This is a study of breastfeeding and its impact on IQ that has been making the rounds on a number of different media outlets. I first saw it on the Wall Street Journal where I was immediately drawn to this quote:
They then subtracted those factors using a statistical model. Dr. Belfort said she hopes that “what we have left is the true connection” with nursing and IQ.
As the father of a young child this was of course pretty interesting to me so I thought I’d go and check out the paper itself. I was pretty stunned to see this line right there in the conclusions:
Our results support a causal relationship of breastfeeding duration with receptive language and verbal and nonverbal intelligence later in life.
I immediately thought: “man how did they run a clinical trial of breastfeeding”. It seems like it would be a huge challenge to get past the IRB. So then I read a little bit more carefully how they performed the analysis. It was a prospective study, where they followed the children over time, then performed a linear regression analysis to adjust for a number of other factors that might influence childhood intelligence. Some examples include mother’s IQ, soci0-demographic information, and questionaires about delivery.

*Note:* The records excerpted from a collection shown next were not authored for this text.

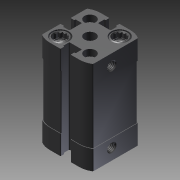
# Autodesk Inventor part: 536203 ADN-15-P---(Z)
Saved by Autodesk Inventor 2011 SP1 (Build 150282100, 282)
## iProperties
Created: 2018-05-28
Part Number: 536203 ADN-15-P---(Z)
Catalog Web Link: www.cadenas.de
Description: ADN-(Z)-Compact cylinder - Z
Vendor: FESTO
Document SubType Name: Modeling
Designer: psAdmin
Manufacturer: FESTO
Mass: 25.558 g
Surface Area: 133.612 cm^2
Volume: 25.558 cm^3
Density: 1 g/cm^3
Category: PARTsolutions
Company: FESTO
Title: 536203 ADN-15-P---(Z)
Author: Cadenas PARTsolutions
Comments: Compact cylinder - Z
PSOL_IDENT_0: {$CADENAS_DATA\23d-libs\festo\parts\a\adn\parts\adn_zr.prj},210 {VTYP=3D},{NB=536203 ADN-15-P---(Z)}
PSOL_IDENT_1: ,{LINA=536203 ADN-15-P---(Z)},{NN=ADN-(Z)},{DATE=06.10.2015 11:54:02},{GEOMDATE=22.09.2015 09:31:00}
PSOL_IDENT_2: ,{VERSION=},{LINEID=5510},{LINESUBID=-1},{WBVAR=HUB,DF,Q,S2S20,S1,R8,TT}  {NB=536203 ADN-15-P---(Z)}
PSOL_IDENT_3: ,{LINA=536203 ADN-15-P---(Z)},{KT=536203},{TNR=536203},{AUSF=ADN},{KDM=12},{BG=17.000},{VERS=1},{HUB
PSOL_IDENT_4: P=-},{HUB=15.00000},{HUB1=[1-300]},{HUB2=-},{HUB3=0},{THC='A','I'},{DF=P},{GA=A},{HUBL=variable},{HU
PSOL_IDENT_5: BC=hubc error},{Q=-},{VAR1C='-','Q'},{S2S20=-},{VAR2C='-','S2'},{VAR5C='-','S6'},{S1=-},{R8=-},{R81='
PSOL_IDENT_6: -'},{TT=-},{TT1='-'},{VAR6C='-'},{VAR7C='-','R3'},{HUBALG=[1-300]},{A=10.000},{A1=0.000},{AF=8.000},
PSOL_IDENT_7: {AF1=0.000},{AF2=8.000},{AF3=0.000},{B=0.000},{B1=0.000},{BG1=0.000},{D1=9.000},{D2=6.000},{D3=32.00
PSOL_IDENT_8: 0},{D4=0.000},{D5=4.000},{D6=M3},{D7=3.000},{D8=0.000},{D9=0.000},{E=27.500},{EE=M5},{EEN=5.000},{EE
PSOL_IDENT_9: 1=-},{J=10.500},{J1=2.000},{J11=2},{J2=0.000},{KF=4-48 UNF-2B},{KF1=-},{KF2=4-45 UNF-2B},{KF3=-},{KK=
PSOL_IDENT_10: 10-32 UNF-2A},{KK1=-},{L1=1.500},{L2=35.000},{L3=2.100},{L4=3.500},{L5=0.000},{L6=46.000},{L7=12.000
PSOL_IDENT_11: },{L8=0.000},{L9=1.500},{L10=0.000},{L11=0.000},{MF=6.000},{MM=6.000},{MM1=0.000},{PL=6.000},{RT=M4}
PSOL_IDENT_12: ,{RTN=4},{RTNK=3.242},{SF=3/16},{SF1=-},{SW=5.500},{TG=16.000},{VD=0.000},{VD1=0.000},{WH=4.200},{WH
PSOL_IDENT_13: 1=0.000},{WL=2.700},{WL1=0.000},{Y1=0.300},{Y2=0.500},{ZJ=39.200},{ZM=43.400},{RU=16.600},{R1=10.350
PSOL_IDENT_14: },{R2=0.600},{RA=0.600},{RB1=5.400},{RB2=6.800},{RT1=3.400},{DSK=6.000},{MDK=5.500},{MK=3.000},{MT=1
PSOL_IDENT_15: .300},{MS=2.500},{RUB=0.200},{KFN=3.000},{KFK=2.459},{B111=9.200},{B11=1.000},{B2=5.000},{B3=8.500},
PSOL_IDENT_16: {B4=3.500},{B5=3.000},{B6=6.000},{B7=17.000},{B8=4.000},{B9=6.000},{B10=7.200},{W=0.400},{S=6.000},{
PSOL_IDENT_17: LA=0.000},{LA1=0.000},{LA2=5.500},{LA3=7.000},{LA31=8.000},{LA4=0.000},{LA5=0.000},{LA6=0.000},{RR=4
PSOL_IDENT_18: .000},{LA7=0.000},{LA8=0.000},{LA9=0.000},{LA10=0.000},{ES=0.000},{SS=0.000},{TS=0.000},{WS=0.000},{
PSOL_IDENT_19: DK=0.000},{KS=0.000},{QN=},{S2N=},{S1S20N=},{R8N=},{TTN=},{DFALG='P'}
NN: ADN-(Z)
NT: Compact cylinder - Z
NB: 536203 ADN-15-P---(Z)
NBSYN: $TNR. $AUSF.-$HUB.-$DF.$QN.$S2N.$S1S20N.$R8N.$TTN.---(Z)
LINA: 536203 ADN-15-P---(Z)
TNR: 536203
AUSF: ADN
KDM: 12
BG: 17.000
HUB: 15.00000
DF: P
GA: A
Q: -
S2S20: -
S1: -
R8: -
TT: -
A: 10.000
A1: 0.000
AF: 8.000
AF1: 0.000
AF2: 8.000
AF3: 0.000
B: 0.000
B1: 0.000
BG1: 0.000
D1: 9.000
D2: 6.000
D3: 32.000
D4: 0.000
D5: 4.000
D6: M3
D7: 3.000
D8: 0.000
D9: 0.000
E: 27.500
EE: M5
EE1: -
J: 10.500
J1: 2.000
J2: 0.000
KF: 4-48 UNF-2B
KF1: -
KF2: 4-45 UNF-2B
KF3: -
KK: 10-32 UNF-2A
KK1: -
L1: 1.500
L2: 35.000
L3: 2.100
L4: 3.500
L5: 0.000
L6: 46.000
L7: 12.000
L8: 0.000
L9: 1.500
L10: 0.000
L11: 0.000
MF: 6.000
MM: 6.000
MM1: 0.000
PL: 6.000
RT: M4
RTNK: 3.242
SF: 3/16
SF1: -
SW: 5.500
TG: 16.000
VD: 0.000
VD1: 0.000
WH: 4.200
WH1: 0.000
WL: 2.700
WL1: 0.000
Y1: 0.300
Y2: 0.500
ZJ: 39.200
ZM: 43.400
RU: 16.600
R1: 10.350
R2: 0.600
RA: 0.600
DSK: 6.000
MDK: 5.500
MK: 3.000
MT: 1.300
MS: 2.500
RUB: 0.200
B111: 9.200
B11: 1.000
B2: 5.000
B3: 8.500
B4: 3.500
B5: 3.000
B6: 6.000
B7: 17.000
B8: 4.000
B9: 6.000
B10: 7.200
W: 0.400
S: 6.000
LA: 0.000
LA1: 0.000
LA2: 5.500
LA3: 7.000
LA31: 8.000
LA4: 0.000
LA5: 0.000
LA6: 0.000
RR: 4.000
LA7: 0.000
LA8: 0.000
LA9: 0.000
LA10: 0.000
ES: 0.000
SS: 0.000
TS: 0.000
WS: 0.000
DK: 0.000
KS: 0.000
SUPPLIER: FESTO
ARTICLENO: 536203 ADN-15-P---(Z)
BOMINFO: 536203 ADN-15-P---(Z)
CREATOR: CADENAS GmbH
Autodesk Inventor part; units mm, degrees
sketch "Sketch_26" plane through (0, 0, 0) normal (0, 0, 1) x (1, 0, 0)
  line L0 (-13.75, -2.5) -> (-13.75, -11.5793)
  arc A0 (-13.75, -11.5793) -> (-13.3272, -12.3141) centre (-12.9, -11.5793) ccw
  arc A1 (-13.3272, -12.3141) -> (-8, -13.75) centre (-8, -3.15) ccw
  line L1 (-8, -13.75) -> (-2.5, -13.75)
  arc A2 (-2.5, -13.75) -> (-2.1, -13.35) centre (-2.5, -13.35) ccw
  line L2 (-2.1, -13.35) -> (-2.1, -11.9)
  arc A3 (-2.1, -11.9) -> (-2.3, -11.7) centre (-2.3, -11.9) ccw
  line L3 (-2.3, -11.7) -> (-2.6, -11.7)
  arc A4 (-2.8, -11.5) -> (-2.6, -11.7) centre (-2.6, -11.5) ccw
  line L4 (-2.8, -11.5) -> (-2.8, -8.7)
  arc A5 (-2.4, -8.3) -> (-2.8, -8.7) centre (-2.4, -8.7) ccw
  line L5 (-2.4, -8.3) -> (3.6, -8.3)
  arc A6 (4, -8.7) -> (3.6, -8.3) centre (3.6, -8.7) ccw
  line L6 (4, -8.7) -> (4, -11.5)
  arc A7 (3.8, -11.7) -> (4, -11.5) centre (3.8, -11.5) ccw
  line L7 (3.8, -11.7) -> (3.5, -11.7)
  arc A8 (3.5, -11.7) -> (3.3, -11.9) centre (3.5, -11.9) ccw
  line L8 (3.3, -11.9) -> (3.3, -13.35)
  arc A9 (3.3, -13.35) -> (3.7, -13.75) centre (3.7, -13.35) ccw
  line L9 (3.7, -13.75) -> (8, -13.75)
  arc A10 (8, -13.75) -> (13.3272, -12.3141) centre (8, -3.15) ccw
  arc A11 (13.3272, -12.3141) -> (13.75, -11.5793) centre (12.9, -11.5793) ccw
  line L10 (13.75, -11.5793) -> (13.75, 11.5793)
  arc A12 (13.75, 11.5793) -> (13.3272, 12.3141) centre (12.9, 11.5793) ccw
  arc A13 (13.3272, 12.3141) -> (8, 13.75) centre (8, 3.15) ccw
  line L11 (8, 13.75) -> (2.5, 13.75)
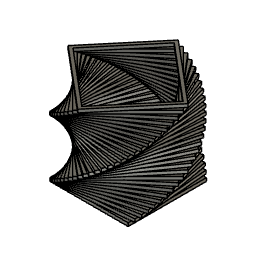
spin_box (Autodesk Fusion 360 design; units mm, degrees)
Autodesk Fusion 360 part; units mm, degrees
sketch "Sketch1" plane through (0, 0, 0) normal (0, 0, 1) x (1, 0, 0)
  line L0 (-58.6676, 55.9345) -> (63.8324, 55.9345)
  line L1 (63.8324, 55.9345) -> (63.8324, -66.5655)
  line L2 (63.8324, -66.5655) -> (-58.6676, -66.5655)
  line L3 (-58.6676, -66.5655) -> (-58.6676, 55.9345)
  line L4 (58.8324, -61.5655) -> (-53.6676, -61.5655)
  line L5 (-53.6676, -61.5655) -> (-53.6676, 50.9345)
  line L6 (-53.6676, 50.9345) -> (58.8324, 50.9345)
  line L7 (58.8324, 50.9345) -> (58.8324, -61.5655)
  line L8 (-58.6676, -5.3155) -> (63.8324, -5.3155)
  line L9 (2.5824, 55.9345) -> (2.5824, 50.9345)
  line L10 (2.5824, -61.5655) -> (2.5824, -66.5655)
  line L11 (2.5824, 50.9345) -> (2.5824, -61.5655)
  point P0 (2.5824, 55.9345)
  point P1 (-58.6676, -5.3155)
  point P2 (2.5824, -66.5655)
  point P3 (63.8324, -5.3155)
  point P4 (58.8324, -5.3155)
  point P5 (-53.6676, -5.3155)
  point P6 (2.5824, 50.9345)
  point P7 (2.5824, -61.5655)
  point P8 (2.5824, -5.3155)
  dimension "d9" = 122.5
  dimension "d10" = 122.5
  dimension "d11" = 5
  constraint horizontal L0
  constraint vertical L1
  constraint horizontal L2
  constraint vertical L3
  constraint midpoint L0 P0
  constraint midpoint L3 P1
  constraint midpoint L2 P2
  constraint midpoint L1 P3
  constraint midpoint L7 P4
  constraint midpoint L5 P5
  constraint midpoint L6 P6
  constraint midpoint L4 P7
  constraint coincident P1 L8.start
  constraint coincident P3 L8.end
  constraint coincident P0 L9.start
  constraint coincident P6 L9.end
  constraint coincident P7 L10.start
  constraint coincident P2 L10.end
  constraint midpoint L8 P8
  measures "d9" distance of L0.start L0.end
  measures "d10" distance of L0.start L2.end
extrude "Extrude1" add sketch "Sketch1" along normal blind 5 contours L5 L6 L8 L11 | L6 L7 L8 L11 | L4 L5 L8 L11 | L4 L7 L8 L11 makes body 1
extrude "Extrude3" add sketch "Sketch1" along normal blind 5 separate body contours L0 L3 L5 L6 L8 L9 | L0 L1 L6 L7 L8 L9 | L2 L3 L4 L5 L8 L10 | L1 L2 L4 L7 L8 L10 makes body 2
copy_body "CopyPasteBodies8" bodies 2 makes body 3
move_body "Move7" bodies 3 to x (0.996195, 0.087156, 0) y (-0.087156, 0.996195, 0) z (0, 0, 1) at (-0.4714, -0.2633, 5)
copy_body "CopyPasteBodies9" bodies 3 2 makes body 4 makes body 5
move_body "Move8" bodies 4 5 to x (0.984808, 0.173648, 0) y (-0.173648, 0.984808, 0) z (0, 0, 1) at (-0.918, -0.5667, 10)
copy_body "CopyPasteBodies10" bodies 5 3 2 4 makes body 6 makes body 7 makes body 8 makes body 9
move_body "Move9" bodies 6 7 8 9 to x (0.939693, 0.34202, 0) y (-0.34202, 0.939693, 0) z (0, 0, 1) at (-1.7237, -1.2842, 20)
copy_body "CopyPasteBodies11" bodies 9 3 2 5 7 8 4 6 makes body 10 makes body 11 makes body 12 makes body 13 makes body 14 makes body 15 makes body 16 makes body 17
move_body "Move10" bodies 10 11 12 13 14 15 16 17 to x (0.766044, 0.642788, 0) y (-0.642788, 0.766044, 0) z (0, 0, 1) at (-2.9042, -3.0805, 40)
copy_body "CopyPasteBodies12" bodies 17 16 makes body 18 makes body 19
copy_body "CopyPasteBodies13" bodies 10 18 makes body 20 makes body 21
move_body "Move11" bodies 20 21 to x (0.984808, 0.173648, 0) y (-0.173648, 0.984808, 0) z (0, 0, 1) at (-0.918, -0.5667, 10)
copy_body "CopyPasteBodies14" bodies 21 3 2 5 7 9 8 16 12 17 14 20 15 19 13 18 10 4 11 6 makes body 22 makes body 23 makes body 24 makes body 25 makes body 26 makes body 27 makes body 28 makes body 29 makes body 30 makes body 31 makes body 32 makes body 33 makes body 34 makes body 35 makes body 36 makes body 37 makes body 38 makes body 39 makes body 40 makes body 41
move_body "Move12" bodies 22 23 24 25 26 27 28 29 30 31 32 33 34 35 36 37 38 39 40 41 to x (0, 1, 0) y (-1, 0, 0) z (0, 0, 1) at (-2.7501, -8.3096, 90)
ref_plane "WorkPlane1" through (89.0842, 1.7286, 145) normal (0, 0, 1) x (1, 0, 0)
combine "Combine1" operation add target body 1 tool bodies 14 6 19 20 21 2 11 12 5 8 9 3 4 18 10 7 13 15 17 23 24 25 26 16 35 27 33 29 28 39 37 34 41 32 30 31 38 40 36 22
split "Split1" by plane through (89.0842, 1.7286, 145) normal (0, 0, 1) bodies 1 makes body 42 at (60.6801, -29.6322, 180)
copy_body "Body->Comp1" bodies 1 removing the originals makes body 43 in component "Component"
component "Component" placed x (1, 0, 0) y (0, 1, 0) z (0, 0, 1) at (0, 0, 0)
hidden bodies 42
equation "shelfdepth = 25.5 cm"
equation "mintteabagwidth = 75 mm"
equation "mintteabagheight = 75.7 mm"
equation "herbaltea2width = 129.54 mm"
equation "herbalteaheight = 68.4 mm"
equation "boxheight = 55.5 mm"
equation "thickness = 5 mm"
equation "give = 15 mm"
equation "d9 = ( 1.5 * mintteabagwidth ) + ( 2 * thickness )"
equation "d10 = ( 1.5 * mintteabagwidth ) + ( 2 * thickness )"
equation "d11 = thickness"
equation "d12 = thickness"
equation "d16 = thickness"
equation "angle = 5 deg"

They then fit a number of regression models with different combinations of covariates and outcomes. They did not attempt to perform any sort of causal inference to make up for the fact that the study was not randomized. Moreover, they did not perform multiple hypothesis testing correction for all of the combinations of effects they observed. The actual reported connections represent just a small fraction of all the possible connections they tested.
So I was pretty surprised when they said:
In summary, our results support a causal relationship of breastfeeding in infancy with receptive language at age 3 and with verbal and nonverbal IQ at school age.
I'm as optimistic as science as they come. But where did that causal inference come from?